# TASK TO COMPLETE
State how many lines of the records below contain the word "radius", giving the number and nothing else.

# GIVEN ENTRIES
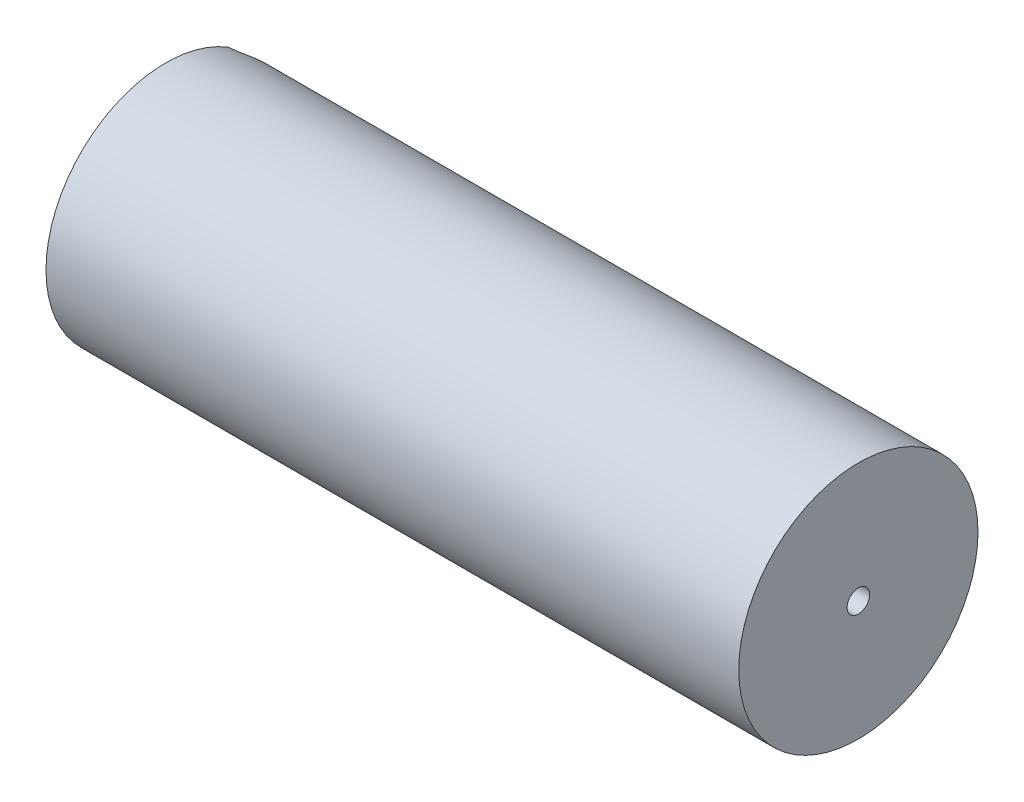
SolidWorks part; units mm, degrees
ref_plane "前视基准面" through (0, 0, 0) normal (0, 0, 1) x (1, 0, 0)
ref_plane "上视基准面" through (0, 0, 0) normal (0, 1, 0) x (1, 0, 0)
ref_plane "右视基准面" through (0, 0, 0) normal (1, 0, 0) x (0, 0, -1)
sketch "草图1" plane through (0, 0, 0) normal (0, 0, 1) x (1, 0, 0)
  line L0 (0, 0) -> (153.4736, 0) construction
  line L1 (0, 2.5) -> (153.4736, 2.5)
  line L2 (153.4736, 2.5) -> (153.4736, 26.5)
  line L3 (153.4736, 26.5) -> (0, 26.5)
  line L4 (0, 26.5) -> (0, 2.5)
revolve "旋转1" add sketch "草图1" angle 360 about L0
sketch "草图2" plane through (0, 0, 0) normal (0, 0, 1) x (1, 0, 0)
  line L0 (0, 26.5) -> (0, -26.5) construction
  circle A0 centre (0, 19) radius 3.5
extrude "切除-拉伸1" cut sketch "草图2" against normal blind 230.2104
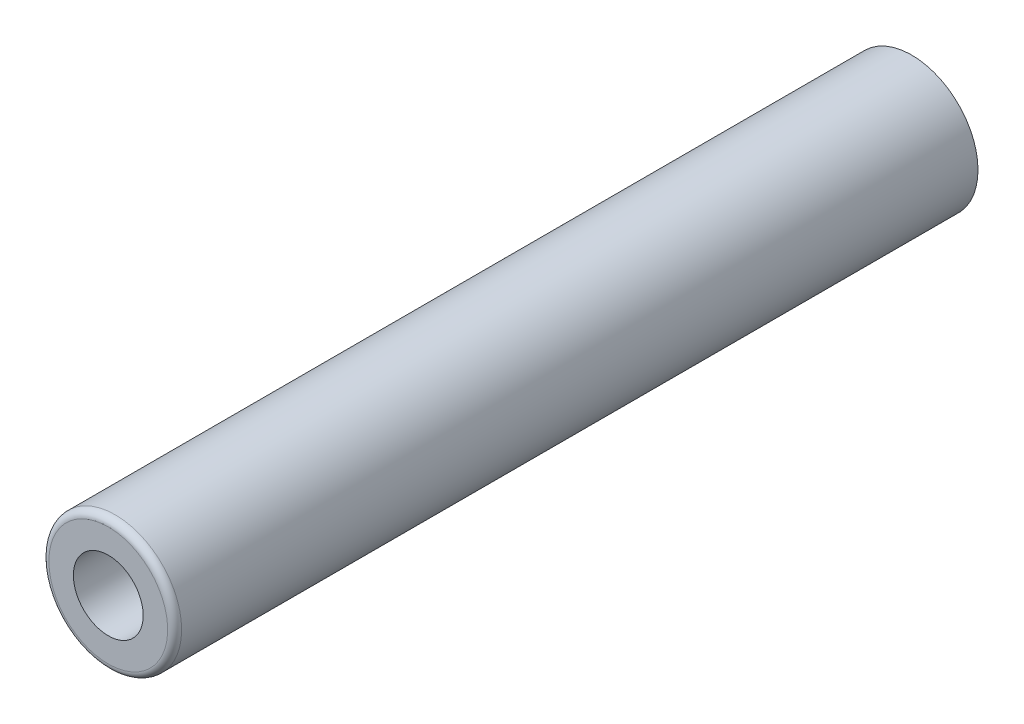
SolidWorks part; units mm, degrees
material "AISI 4130 Steel, normalized at 870C"
ref_plane "Front Plane" through (0, 0, 0) normal (1, 0, 0) x (0, 1, 0)
ref_plane "Top Plane" through (0, 0, 0) normal (0, 0, 1) x (0, 1, 0)
ref_plane "Right Plane" through (0, 0, 0) normal (0, 1, 0) x (-1, 0, 0)
sketch "Sketch1" plane through (0, 0, 0) normal (1, 0, 0) x (0, 1, 0)
  line L0 (0, 319.3174) -> (0, -301.3254) construction
  line L1 (-332.8603, 0) -> (362.1851, 0) construction
  line L2 (10, 115) -> (19, 115)
  line L3 (19, 115) -> (19, -115)
  line L4 (19, -115) -> (15, -115)
  line L5 (10, 75) -> (15, 75)
  line L6 (10, 115) -> (10, 75)
  line L7 (15, 75) -> (15, -115)
  point P13 (19, 0)
  dimension "D1" = 40
  dimension "D2" = 230
  dimension "D3" = 20
  dimension "D4" = 38
  dimension "D5" = 4
revolve "Revolve1" add sketch "Sketch1" angle 360 about L0
fillet "Fillet1" radius 2 1 edges at (19, 0, 115)
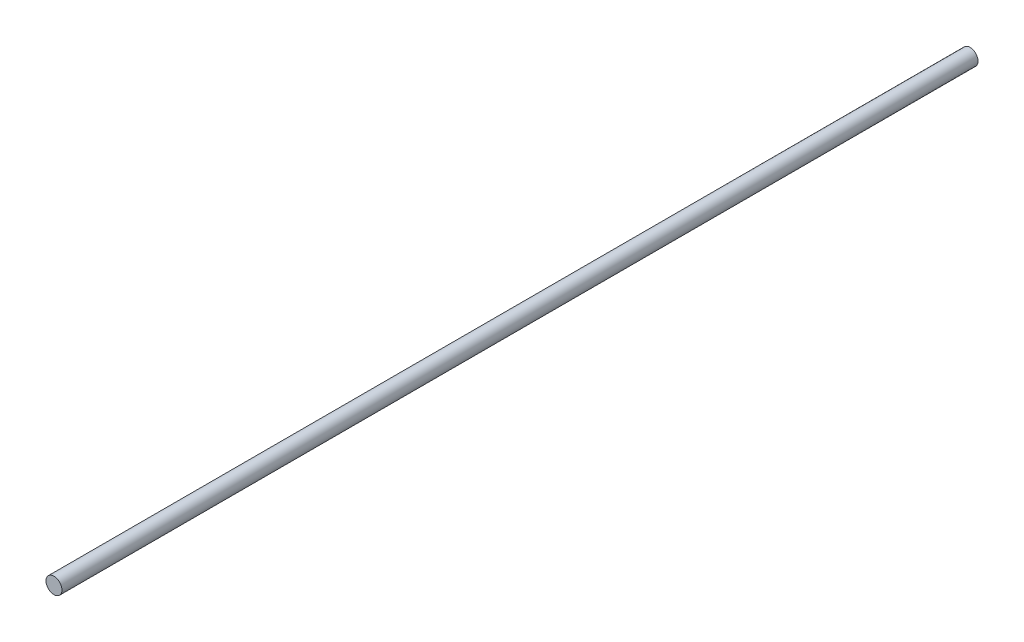
SolidWorks part; units mm, degrees
ref_plane "Front" through (0, 0, 0) normal (0, 0, 1) x (1, 0, 0)
ref_plane "Top" through (0, 0, 0) normal (0, 1, 0) x (1, 0, 0)
ref_plane "Right" through (0, 0, 0) normal (1, 0, 0) x (0, 0, -1)
sketch "草图1" plane through (0, 0, 0) normal (0, 0, 1) x (1, 0, 0)
  circle A0 centre (0, 0) radius 1.5
extrude "凸台-拉伸1" add sketch "草图1" along normal blind 172
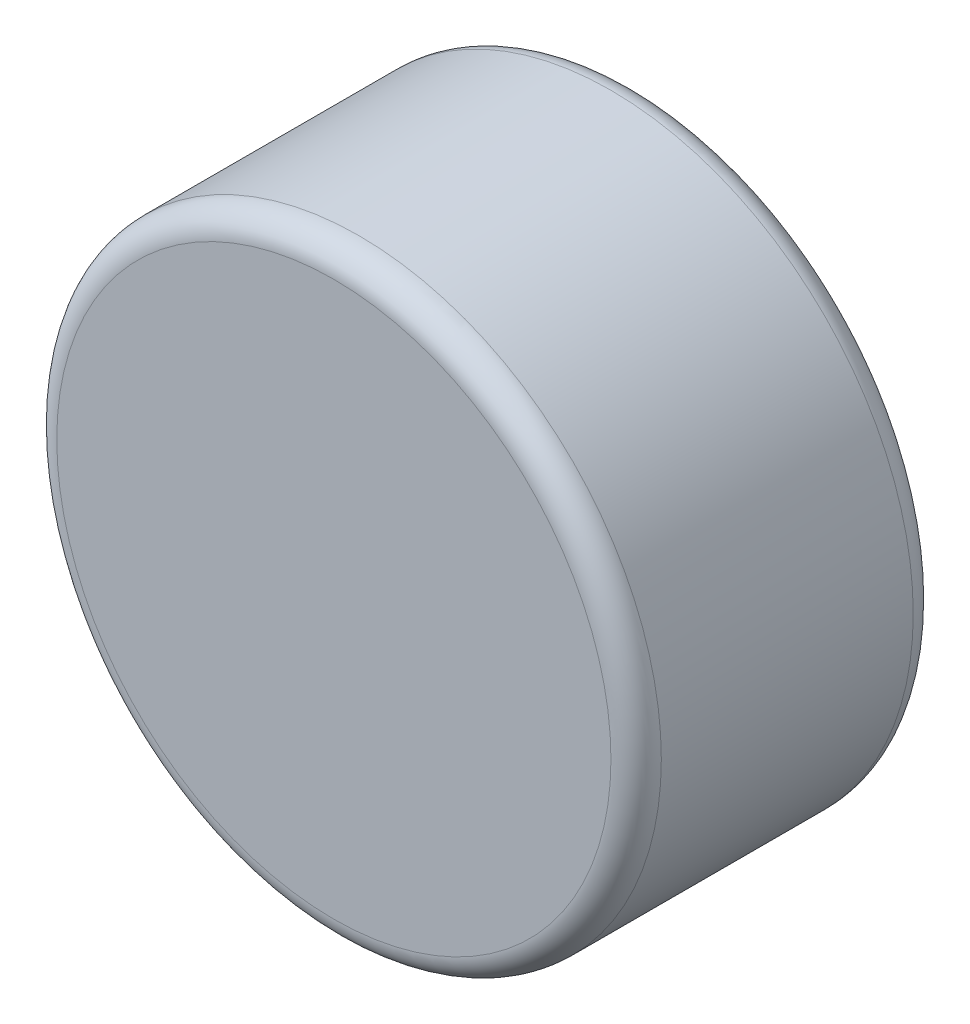
SolidWorks part; units mm, degrees
ref_plane "Front Plane" through (0, 0, 0) normal (0, 0, 1) x (1, 0, 0)
ref_plane "Top Plane" through (0, 0, 0) normal (0, 1, 0) x (1, 0, 0)
ref_plane "Right Plane" through (0, 0, 0) normal (1, 0, 0) x (0, 0, -1)
sketch "Sketch1" plane through (0, 0, 0) normal (0, 0, 1) x (1, 0, 0)
  circle A0 centre (0, 0) radius 3
  dimension "D1" = 6
extrude "Boss-Extrude1" add sketch "Sketch1" along normal mid plane 3
fillet "Fillet1" radius 0.25 2 edges at (3, 0, -1.5) (3, 0, 1.5)
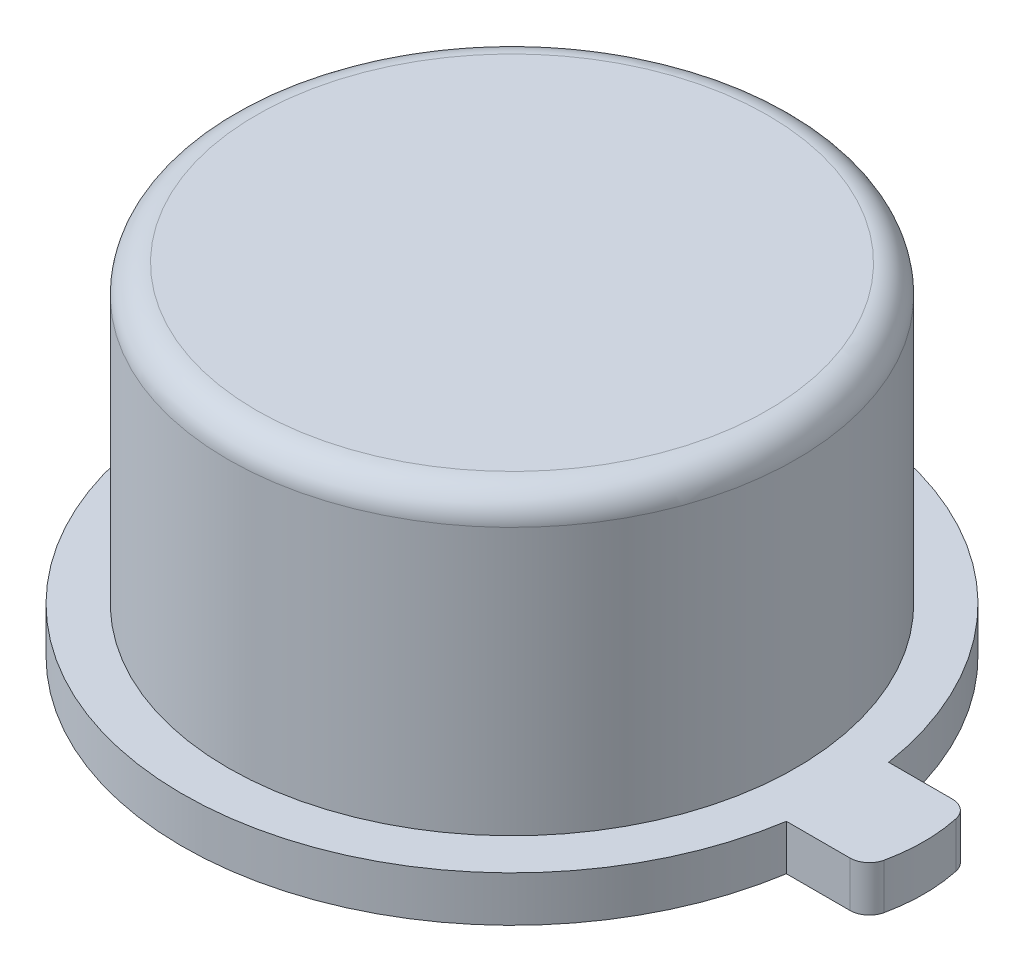
SolidWorks part; units mm, degrees
material "ABS"
ref_plane "Plan de face" through (0, 0, 0) normal (0, 0, 1) x (1, 0, 0)
ref_plane "Plan de dessus" through (0, 0, 0) normal (0, 1, 0) x (1, 0, 0)
ref_plane "Plan de droite" through (0, 0, 0) normal (1, 0, 0) x (0, 0, -1)
sketch "Esquisse1" plane through (0, 0, 0) normal (0, 1, 0) x (1, 0, 0)
  line L1 (5.7297, 0.9) -> (6.85, 0.9)
  line L2 (5.7297, -0.9) -> (6.85, -0.9)
  line L3 (7.1829, 0.6312) -> (7.1829, -0.6312) construction
  arc A0 (5.7297, 0.9) -> (5.7297, -0.9) centre (0, 0) ccw
  circle A1 centre (0, 0) radius 5
  arc A2 (6.85, 0.9) -> (7.1829, 0.6312) centre (6.85, 0.5595) cw
  arc A3 (6.85, -0.9) -> (7.1829, -0.6312) centre (6.85, -0.5595) ccw
  arc A4 (7.1829, 0.6312) -> (7.1829, -0.6312) centre (4.25, 0) cw
  point P4 (5.7297, 0.9)
  point P5 (5.7297, -0.9)
  point P11 (0, 0)
  point P12 (5.8, 0)
  point P17 (7.25, 0)
  point P18 (7.4019, 0.7634)
  dimension "D1" = 11.6
  dimension "D2" = 10
  dimension "D6" = 3
  dimension "D3" = 1.8
  dimension "D4" = 1.45
  dimension "D5" = 0.4
extrude "Support" add sketch "Esquisse1" along normal blind 0.8
sketch "Esquisse2" plane through (0, 0, 0) normal (0, 1, 0) x (1, 0, 0)
  circle A0 centre (0, 0) radius 5
extrude "Bouton" add sketch "Esquisse2" along normal blind 6
fillet "Congé1" radius 0.5 1 edges at (0, 6, 5)
sketch "Esquisse3" plane through (0, 0, 0) normal (0, -1, 0) x (1, 0, 0)
  circle A0 centre (0, 0) radius 3.9
  dimension "D1" = 7.8
extrude "Enlèv. mat.-Extru.1" cut sketch "Esquisse3" against normal blind 5
sketch "Esquisse4" plane through (0, 5, 0) normal (0, -1, 0) x (1, 0, 0)
  line L0 (-0.5, 1.9365) -> (-0.5, 3.8678)
  line L1 (0.5, 1.9365) -> (0.5, 3.8678)
  line L2 (-0.5, 2.9022) -> (0.5, 2.9022) construction
  line L3 (1.9365, 0.5) -> (3.8678, 0.5)
  line L4 (1.9365, -0.5) -> (3.8678, -0.5)
  line L5 (0.5, -1.9365) -> (0.5, -3.8678)
  line L6 (-0.5, -1.9365) -> (-0.5, -3.8678)
  line L7 (-1.9365, -0.5) -> (-3.8678, -0.5)
  line L8 (-1.9365, 0.5) -> (-3.8678, 0.5)
  circle A0 centre (0, 0) radius 0.85
  arc A1 (-0.5, 1.9365) -> (-1.9365, 0.5) centre (0, 0) ccw
  circle A2 centre (0, 0) radius 3.9 construction
  arc A3 (-0.5, 3.8678) -> (0.5, 3.8678) centre (0, 0) cw
  arc A4 (3.8678, 0.5) -> (3.8678, -0.5) centre (0, 0) cw
  arc A5 (0.5, -3.8678) -> (-0.5, -3.8678) centre (0, 0) cw
  arc A6 (-3.8678, -0.5) -> (-3.8678, 0.5) centre (0, 0) cw
  arc A7 (-1.9365, -0.5) -> (-0.5, -1.9365) centre (0, 0) ccw
  arc A8 (1.9365, 0.5) -> (0.5, 1.9365) centre (0, 0) ccw
  arc A9 (0.5, -1.9365) -> (1.9365, -0.5) centre (0, 0) ccw
  point P12 (0, 2.9022)
  point P27 (0, 0)
  dimension "D1" = 1.7
  dimension "D2" = 4
  dimension "D3" = 1
  dimension "D4" = 4
extrude "Dessous" add sketch "Esquisse4" along normal blind 4.4
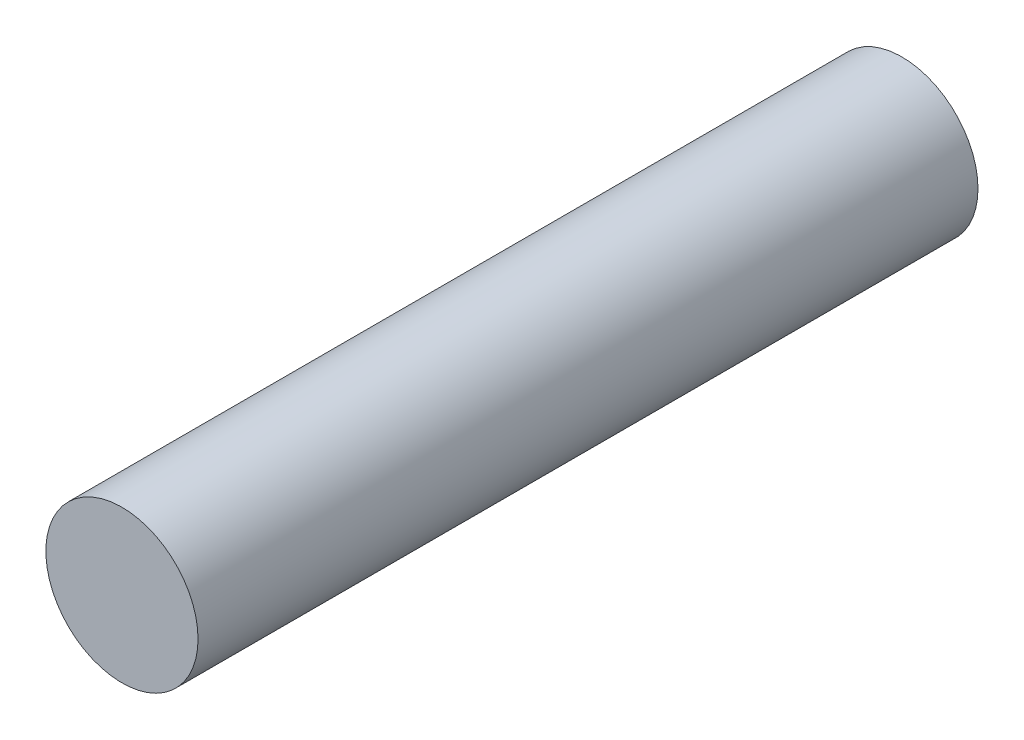
SolidWorks part; units mm, degrees
ref_plane "Front Plane" through (0, 0, 0) normal (0, 0, 1) x (1, 0, 0)
ref_plane "Top Plane" through (0, 0, 0) normal (0, 1, 0) x (1, 0, 0)
ref_plane "Right Plane" through (0, 0, 0) normal (1, 0, 0) x (0, 0, -1)
sketch "Sketch1" plane through (0, 0, 0) normal (0, 0, 1) x (1, 0, 0)
  circle A0 centre (0, 0) radius 4
  dimension "D1" = 8
extrude "Boss-Extrude1" add sketch "Sketch1" along normal blind 41

# ANSWER TO THE PROBLEM
12